Click Create & Open and a repo which automatically adds a PREFIX with the OpenAI API key to every query. (It does not add a PREFIX with the SERPApi API key. You must supply that yourself if you use the askSerp magic predicate. See the serpAPI example.

SPARQL LLM magic predicates (LLMagic)

AllegroGraph LLMagic supports LLM magic predicates (internal functions which act like SPARQL operators). These are listed in the SPARQL Magic Property document under the heading Large Language Models*. (You click on a listed magic property to see additional documentation.) See also LLMagic functions listed here.
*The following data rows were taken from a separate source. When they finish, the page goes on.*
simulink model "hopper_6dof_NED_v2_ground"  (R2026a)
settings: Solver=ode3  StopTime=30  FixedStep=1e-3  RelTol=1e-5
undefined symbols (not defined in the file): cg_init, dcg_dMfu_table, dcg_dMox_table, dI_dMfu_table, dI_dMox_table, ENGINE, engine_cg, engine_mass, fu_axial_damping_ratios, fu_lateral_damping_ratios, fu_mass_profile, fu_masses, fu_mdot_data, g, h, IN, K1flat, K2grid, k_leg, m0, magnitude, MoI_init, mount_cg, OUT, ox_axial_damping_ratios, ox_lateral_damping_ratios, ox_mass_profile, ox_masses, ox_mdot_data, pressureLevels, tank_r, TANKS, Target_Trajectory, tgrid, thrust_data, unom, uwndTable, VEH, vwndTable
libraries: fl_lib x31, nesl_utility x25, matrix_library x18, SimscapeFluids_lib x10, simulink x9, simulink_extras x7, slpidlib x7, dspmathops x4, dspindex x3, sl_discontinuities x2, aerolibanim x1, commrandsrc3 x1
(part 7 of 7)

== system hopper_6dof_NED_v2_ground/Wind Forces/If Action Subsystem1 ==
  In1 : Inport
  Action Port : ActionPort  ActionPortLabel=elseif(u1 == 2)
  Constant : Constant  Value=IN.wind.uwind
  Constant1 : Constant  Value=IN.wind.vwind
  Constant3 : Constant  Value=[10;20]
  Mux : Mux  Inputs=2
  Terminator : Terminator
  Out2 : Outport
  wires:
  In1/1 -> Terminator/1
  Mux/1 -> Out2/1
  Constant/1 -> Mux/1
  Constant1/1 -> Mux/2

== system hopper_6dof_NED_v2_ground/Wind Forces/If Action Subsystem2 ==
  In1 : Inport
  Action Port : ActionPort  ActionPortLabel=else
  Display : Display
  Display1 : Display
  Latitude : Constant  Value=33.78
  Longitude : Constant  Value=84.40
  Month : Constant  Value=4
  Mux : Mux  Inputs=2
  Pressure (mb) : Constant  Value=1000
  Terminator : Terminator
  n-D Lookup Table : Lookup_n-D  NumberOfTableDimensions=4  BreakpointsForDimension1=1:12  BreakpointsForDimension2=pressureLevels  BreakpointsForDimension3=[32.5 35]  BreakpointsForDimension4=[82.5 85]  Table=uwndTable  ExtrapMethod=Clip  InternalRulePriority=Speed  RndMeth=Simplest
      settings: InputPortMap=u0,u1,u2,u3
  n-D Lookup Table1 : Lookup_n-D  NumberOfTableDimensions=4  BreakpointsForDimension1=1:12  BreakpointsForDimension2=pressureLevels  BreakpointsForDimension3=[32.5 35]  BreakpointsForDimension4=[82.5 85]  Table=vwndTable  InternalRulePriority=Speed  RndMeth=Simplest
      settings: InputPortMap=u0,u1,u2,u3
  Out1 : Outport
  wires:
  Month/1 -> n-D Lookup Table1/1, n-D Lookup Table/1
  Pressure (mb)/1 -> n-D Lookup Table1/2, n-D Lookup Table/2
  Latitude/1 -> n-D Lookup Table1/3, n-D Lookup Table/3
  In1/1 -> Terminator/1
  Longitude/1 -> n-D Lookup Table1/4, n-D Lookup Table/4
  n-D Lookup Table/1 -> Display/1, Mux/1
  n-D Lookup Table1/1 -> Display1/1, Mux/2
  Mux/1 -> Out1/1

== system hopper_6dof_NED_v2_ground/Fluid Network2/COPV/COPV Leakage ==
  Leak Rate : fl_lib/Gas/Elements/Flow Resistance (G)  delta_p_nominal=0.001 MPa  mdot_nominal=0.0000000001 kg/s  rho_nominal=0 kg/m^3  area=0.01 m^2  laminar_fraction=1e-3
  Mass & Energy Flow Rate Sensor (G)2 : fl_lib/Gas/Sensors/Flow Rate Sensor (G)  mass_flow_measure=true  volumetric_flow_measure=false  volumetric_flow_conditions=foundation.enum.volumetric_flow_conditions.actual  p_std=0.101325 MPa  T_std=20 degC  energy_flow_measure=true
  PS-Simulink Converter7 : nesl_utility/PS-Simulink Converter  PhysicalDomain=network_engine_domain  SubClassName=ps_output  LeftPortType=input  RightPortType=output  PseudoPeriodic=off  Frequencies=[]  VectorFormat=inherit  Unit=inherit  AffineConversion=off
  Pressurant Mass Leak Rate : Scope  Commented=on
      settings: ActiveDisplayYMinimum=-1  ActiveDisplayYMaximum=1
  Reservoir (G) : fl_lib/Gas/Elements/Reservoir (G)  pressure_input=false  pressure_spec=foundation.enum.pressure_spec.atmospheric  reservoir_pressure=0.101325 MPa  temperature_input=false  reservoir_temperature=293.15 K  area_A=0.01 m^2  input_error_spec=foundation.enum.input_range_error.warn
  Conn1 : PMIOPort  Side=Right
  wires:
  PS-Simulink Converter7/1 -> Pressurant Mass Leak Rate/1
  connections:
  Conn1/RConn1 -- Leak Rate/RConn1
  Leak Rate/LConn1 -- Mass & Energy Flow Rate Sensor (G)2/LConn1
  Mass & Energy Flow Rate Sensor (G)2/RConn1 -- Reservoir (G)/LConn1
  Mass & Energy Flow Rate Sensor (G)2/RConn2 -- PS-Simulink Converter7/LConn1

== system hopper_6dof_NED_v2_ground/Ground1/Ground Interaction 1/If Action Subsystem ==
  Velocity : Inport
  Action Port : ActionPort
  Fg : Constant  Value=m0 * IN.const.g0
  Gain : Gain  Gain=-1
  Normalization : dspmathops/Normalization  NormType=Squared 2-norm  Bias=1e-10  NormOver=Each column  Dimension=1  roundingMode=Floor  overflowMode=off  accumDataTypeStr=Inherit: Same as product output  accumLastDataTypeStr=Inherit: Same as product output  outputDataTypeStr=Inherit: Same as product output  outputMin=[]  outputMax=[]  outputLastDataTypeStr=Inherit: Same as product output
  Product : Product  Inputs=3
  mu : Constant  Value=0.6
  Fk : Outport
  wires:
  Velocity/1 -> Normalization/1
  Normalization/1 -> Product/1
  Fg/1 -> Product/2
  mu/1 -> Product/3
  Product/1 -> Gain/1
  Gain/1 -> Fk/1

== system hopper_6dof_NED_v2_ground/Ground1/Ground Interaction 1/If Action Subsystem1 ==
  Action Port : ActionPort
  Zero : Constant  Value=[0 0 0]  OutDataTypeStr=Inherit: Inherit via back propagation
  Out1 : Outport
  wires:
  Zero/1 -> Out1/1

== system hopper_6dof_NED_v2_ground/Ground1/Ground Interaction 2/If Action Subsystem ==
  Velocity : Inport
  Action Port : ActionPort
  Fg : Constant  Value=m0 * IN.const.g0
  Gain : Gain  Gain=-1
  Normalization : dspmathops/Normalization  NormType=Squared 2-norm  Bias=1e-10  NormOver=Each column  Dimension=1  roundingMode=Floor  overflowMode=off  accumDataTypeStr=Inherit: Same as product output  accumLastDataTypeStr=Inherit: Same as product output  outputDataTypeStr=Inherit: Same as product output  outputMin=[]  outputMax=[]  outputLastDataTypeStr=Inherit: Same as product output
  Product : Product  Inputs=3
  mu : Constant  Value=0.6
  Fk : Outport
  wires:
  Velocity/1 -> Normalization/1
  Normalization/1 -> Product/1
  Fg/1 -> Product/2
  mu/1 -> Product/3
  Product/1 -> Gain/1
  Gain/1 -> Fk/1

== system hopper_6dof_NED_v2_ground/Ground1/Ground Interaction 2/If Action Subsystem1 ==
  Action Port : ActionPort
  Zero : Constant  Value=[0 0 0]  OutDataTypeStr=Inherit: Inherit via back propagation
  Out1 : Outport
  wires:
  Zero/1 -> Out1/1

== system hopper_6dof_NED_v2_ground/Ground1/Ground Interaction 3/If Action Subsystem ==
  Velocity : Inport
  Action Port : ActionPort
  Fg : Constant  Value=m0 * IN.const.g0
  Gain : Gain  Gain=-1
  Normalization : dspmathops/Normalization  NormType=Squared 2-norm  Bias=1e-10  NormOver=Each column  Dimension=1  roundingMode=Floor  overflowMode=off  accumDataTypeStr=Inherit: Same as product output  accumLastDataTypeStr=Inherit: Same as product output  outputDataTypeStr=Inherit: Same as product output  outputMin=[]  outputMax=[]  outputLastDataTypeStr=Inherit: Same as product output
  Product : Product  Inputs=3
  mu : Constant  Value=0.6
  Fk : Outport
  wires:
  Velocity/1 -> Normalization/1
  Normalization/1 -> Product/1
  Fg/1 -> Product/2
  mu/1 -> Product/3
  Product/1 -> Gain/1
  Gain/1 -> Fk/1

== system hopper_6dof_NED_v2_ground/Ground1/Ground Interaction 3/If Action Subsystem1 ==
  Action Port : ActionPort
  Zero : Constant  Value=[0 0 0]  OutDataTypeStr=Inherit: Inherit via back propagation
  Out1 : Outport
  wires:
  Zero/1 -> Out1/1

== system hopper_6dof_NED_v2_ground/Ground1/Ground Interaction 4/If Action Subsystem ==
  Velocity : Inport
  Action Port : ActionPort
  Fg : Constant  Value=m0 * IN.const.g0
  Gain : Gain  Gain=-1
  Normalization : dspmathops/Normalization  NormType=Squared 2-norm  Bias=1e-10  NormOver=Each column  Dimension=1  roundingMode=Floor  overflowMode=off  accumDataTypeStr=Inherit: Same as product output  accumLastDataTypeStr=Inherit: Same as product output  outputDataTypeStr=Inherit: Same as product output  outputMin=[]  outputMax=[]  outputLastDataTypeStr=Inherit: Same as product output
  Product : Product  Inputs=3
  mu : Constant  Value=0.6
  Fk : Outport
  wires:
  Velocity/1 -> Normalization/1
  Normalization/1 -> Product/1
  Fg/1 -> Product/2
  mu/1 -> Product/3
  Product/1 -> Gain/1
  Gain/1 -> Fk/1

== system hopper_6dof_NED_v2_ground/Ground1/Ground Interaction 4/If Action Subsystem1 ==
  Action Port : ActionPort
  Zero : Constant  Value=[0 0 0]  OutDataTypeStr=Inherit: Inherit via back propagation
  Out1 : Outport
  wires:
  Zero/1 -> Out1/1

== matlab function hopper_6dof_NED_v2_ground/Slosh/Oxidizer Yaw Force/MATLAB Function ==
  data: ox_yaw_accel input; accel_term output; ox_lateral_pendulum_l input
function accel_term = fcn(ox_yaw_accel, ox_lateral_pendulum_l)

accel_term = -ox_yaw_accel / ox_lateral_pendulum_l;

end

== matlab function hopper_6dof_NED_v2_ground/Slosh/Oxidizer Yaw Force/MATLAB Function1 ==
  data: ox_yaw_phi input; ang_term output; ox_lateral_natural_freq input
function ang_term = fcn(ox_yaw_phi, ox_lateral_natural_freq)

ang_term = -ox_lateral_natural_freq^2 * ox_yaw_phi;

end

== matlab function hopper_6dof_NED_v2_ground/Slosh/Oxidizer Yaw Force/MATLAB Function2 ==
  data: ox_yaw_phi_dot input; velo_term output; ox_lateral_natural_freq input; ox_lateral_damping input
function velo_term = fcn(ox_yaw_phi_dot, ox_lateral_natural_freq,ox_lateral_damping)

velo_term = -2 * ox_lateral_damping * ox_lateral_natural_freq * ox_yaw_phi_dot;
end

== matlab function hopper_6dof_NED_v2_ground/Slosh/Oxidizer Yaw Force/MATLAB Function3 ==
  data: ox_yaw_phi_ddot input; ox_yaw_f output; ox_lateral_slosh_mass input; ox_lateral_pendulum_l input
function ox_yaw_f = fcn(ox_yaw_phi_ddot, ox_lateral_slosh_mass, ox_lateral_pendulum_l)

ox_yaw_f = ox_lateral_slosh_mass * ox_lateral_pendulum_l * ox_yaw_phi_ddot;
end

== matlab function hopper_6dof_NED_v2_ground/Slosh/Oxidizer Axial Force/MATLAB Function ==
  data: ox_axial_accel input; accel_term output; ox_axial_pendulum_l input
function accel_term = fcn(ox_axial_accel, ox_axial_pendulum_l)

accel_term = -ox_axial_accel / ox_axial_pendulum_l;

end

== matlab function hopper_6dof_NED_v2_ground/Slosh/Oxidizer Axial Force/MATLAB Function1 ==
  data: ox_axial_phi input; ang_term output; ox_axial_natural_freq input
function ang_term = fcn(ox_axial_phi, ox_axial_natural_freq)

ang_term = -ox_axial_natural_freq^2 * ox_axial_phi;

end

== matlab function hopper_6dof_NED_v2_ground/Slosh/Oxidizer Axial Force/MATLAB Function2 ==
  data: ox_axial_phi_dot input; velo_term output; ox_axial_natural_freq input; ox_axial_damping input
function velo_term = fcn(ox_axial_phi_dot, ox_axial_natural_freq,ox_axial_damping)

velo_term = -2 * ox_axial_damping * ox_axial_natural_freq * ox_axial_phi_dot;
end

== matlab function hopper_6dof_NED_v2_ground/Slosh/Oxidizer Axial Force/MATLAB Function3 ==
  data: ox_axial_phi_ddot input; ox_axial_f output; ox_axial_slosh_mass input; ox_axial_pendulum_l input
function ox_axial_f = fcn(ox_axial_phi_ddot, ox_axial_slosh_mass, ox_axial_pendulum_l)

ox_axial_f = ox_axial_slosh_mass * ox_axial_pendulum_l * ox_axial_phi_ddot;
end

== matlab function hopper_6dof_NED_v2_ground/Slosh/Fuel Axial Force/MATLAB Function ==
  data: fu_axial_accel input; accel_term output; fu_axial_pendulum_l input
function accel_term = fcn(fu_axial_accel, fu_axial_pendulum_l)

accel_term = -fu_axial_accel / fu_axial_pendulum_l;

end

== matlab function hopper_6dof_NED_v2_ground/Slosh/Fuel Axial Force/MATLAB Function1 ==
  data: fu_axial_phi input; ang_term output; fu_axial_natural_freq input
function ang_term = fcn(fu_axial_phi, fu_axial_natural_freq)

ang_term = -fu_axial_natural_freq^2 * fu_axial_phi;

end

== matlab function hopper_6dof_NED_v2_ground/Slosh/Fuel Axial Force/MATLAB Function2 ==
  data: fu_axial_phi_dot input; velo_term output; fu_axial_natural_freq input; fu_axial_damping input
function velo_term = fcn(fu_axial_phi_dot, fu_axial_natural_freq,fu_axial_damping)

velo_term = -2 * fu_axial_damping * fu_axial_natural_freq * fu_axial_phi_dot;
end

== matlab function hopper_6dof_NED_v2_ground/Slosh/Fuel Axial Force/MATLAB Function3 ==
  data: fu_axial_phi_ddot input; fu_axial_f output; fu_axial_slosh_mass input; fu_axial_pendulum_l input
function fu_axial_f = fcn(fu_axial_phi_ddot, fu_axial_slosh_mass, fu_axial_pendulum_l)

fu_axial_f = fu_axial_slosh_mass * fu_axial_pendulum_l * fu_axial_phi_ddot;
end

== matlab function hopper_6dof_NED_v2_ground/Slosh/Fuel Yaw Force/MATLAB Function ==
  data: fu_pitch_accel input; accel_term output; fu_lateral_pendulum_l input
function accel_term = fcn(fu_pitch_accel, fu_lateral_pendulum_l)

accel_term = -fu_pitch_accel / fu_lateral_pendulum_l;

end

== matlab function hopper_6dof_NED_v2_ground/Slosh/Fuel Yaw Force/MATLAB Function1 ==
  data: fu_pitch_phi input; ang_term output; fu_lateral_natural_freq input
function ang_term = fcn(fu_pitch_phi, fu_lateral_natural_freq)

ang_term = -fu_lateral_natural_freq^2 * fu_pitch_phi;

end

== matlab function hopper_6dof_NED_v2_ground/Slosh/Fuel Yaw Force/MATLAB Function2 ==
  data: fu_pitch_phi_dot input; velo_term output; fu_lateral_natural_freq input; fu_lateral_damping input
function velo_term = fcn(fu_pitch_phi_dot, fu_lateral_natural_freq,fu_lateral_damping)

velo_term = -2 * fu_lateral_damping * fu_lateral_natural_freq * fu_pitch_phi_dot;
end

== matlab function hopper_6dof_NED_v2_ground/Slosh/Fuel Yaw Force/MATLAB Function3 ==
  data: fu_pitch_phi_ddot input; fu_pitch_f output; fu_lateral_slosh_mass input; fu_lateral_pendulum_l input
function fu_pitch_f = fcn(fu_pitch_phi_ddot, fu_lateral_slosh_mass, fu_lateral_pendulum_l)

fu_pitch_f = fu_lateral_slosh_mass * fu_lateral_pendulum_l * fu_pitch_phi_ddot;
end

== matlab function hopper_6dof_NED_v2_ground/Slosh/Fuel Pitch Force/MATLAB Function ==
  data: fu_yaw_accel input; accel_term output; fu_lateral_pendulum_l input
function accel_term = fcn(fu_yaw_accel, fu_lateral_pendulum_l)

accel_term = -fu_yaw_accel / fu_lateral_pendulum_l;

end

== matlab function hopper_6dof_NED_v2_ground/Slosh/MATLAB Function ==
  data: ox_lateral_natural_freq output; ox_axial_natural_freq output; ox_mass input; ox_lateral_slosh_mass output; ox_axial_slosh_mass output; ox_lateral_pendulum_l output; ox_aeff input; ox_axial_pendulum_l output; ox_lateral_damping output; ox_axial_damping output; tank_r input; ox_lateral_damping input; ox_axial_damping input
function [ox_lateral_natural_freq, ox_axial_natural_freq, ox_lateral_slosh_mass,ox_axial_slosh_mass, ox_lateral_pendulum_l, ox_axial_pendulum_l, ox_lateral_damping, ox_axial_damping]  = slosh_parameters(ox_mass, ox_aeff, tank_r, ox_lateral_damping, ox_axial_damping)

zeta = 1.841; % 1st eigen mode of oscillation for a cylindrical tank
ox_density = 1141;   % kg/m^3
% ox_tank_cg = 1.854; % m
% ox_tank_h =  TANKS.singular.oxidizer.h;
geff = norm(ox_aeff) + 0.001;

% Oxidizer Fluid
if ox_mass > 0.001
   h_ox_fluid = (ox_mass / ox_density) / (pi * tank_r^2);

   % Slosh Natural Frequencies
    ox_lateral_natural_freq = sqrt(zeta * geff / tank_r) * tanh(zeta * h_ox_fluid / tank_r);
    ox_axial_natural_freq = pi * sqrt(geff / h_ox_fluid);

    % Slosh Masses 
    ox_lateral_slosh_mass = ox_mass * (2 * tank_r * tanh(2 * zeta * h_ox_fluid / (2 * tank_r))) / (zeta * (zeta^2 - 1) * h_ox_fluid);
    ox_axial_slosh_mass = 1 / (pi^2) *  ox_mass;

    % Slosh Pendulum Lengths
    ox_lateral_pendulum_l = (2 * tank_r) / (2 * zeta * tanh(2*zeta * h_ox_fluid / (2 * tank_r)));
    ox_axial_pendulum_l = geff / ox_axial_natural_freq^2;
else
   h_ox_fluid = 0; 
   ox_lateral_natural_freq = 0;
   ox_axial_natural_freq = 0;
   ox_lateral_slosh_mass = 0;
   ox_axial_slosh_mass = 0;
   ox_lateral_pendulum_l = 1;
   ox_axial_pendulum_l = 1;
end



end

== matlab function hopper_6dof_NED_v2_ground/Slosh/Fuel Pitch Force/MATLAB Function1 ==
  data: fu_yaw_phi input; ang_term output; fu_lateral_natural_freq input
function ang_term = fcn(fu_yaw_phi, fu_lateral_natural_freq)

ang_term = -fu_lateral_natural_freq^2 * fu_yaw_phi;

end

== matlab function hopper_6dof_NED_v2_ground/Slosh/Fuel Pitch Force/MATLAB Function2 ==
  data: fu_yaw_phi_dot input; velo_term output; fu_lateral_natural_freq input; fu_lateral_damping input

For example the http://franz.com/ns/allegrograph/8.0.0/llm/response magic property prompts GPT for a response. For example, we can ask for a list of 5 US states:

PREFIX llm: <http://franz.com/ns/allegrograph/8.0.0/llm/>  
 
SELECT * { ?response llm:response  
           "List 5 US States.". } 

which produces the response:

response  
 
"California"  
"Texas"  
"Florida"  
"New York"  
"Pennsylvania" 

Vector databases

A vector database is a database that can store vectors (fixed-length lists of numbers) along with other data items. Vector databases typically implement one or more Approximate Nearest Neighbor (ANN) algorithms, so that one can search the database with a query vector to retrieve the closest matching database records. (Wikipedia)

Tools in AllegroGraph allow embedding natural language text obtained from sources like ChatGPT into a vector representation. A vector database in AllegroGraph is a table of embeddings and the associated original text. An Allegrograph Vector Database associates embeddings with literals found in the triple objects of a graph database.

Creating and using vector databases, along with examples, is described in the LLM Embed Specification document. There are several examples using vector databases in this AllegroGraph documentation. One using the writings of Noam Chomsky is shown here. Another allowing querying the United States Constitution is here. And a third, finding connections between historical figures here.

LLM Examples

See LLM Examples. The LLM Split Specification document also contains some examples. The LLM Embed Specification has some vector database examples.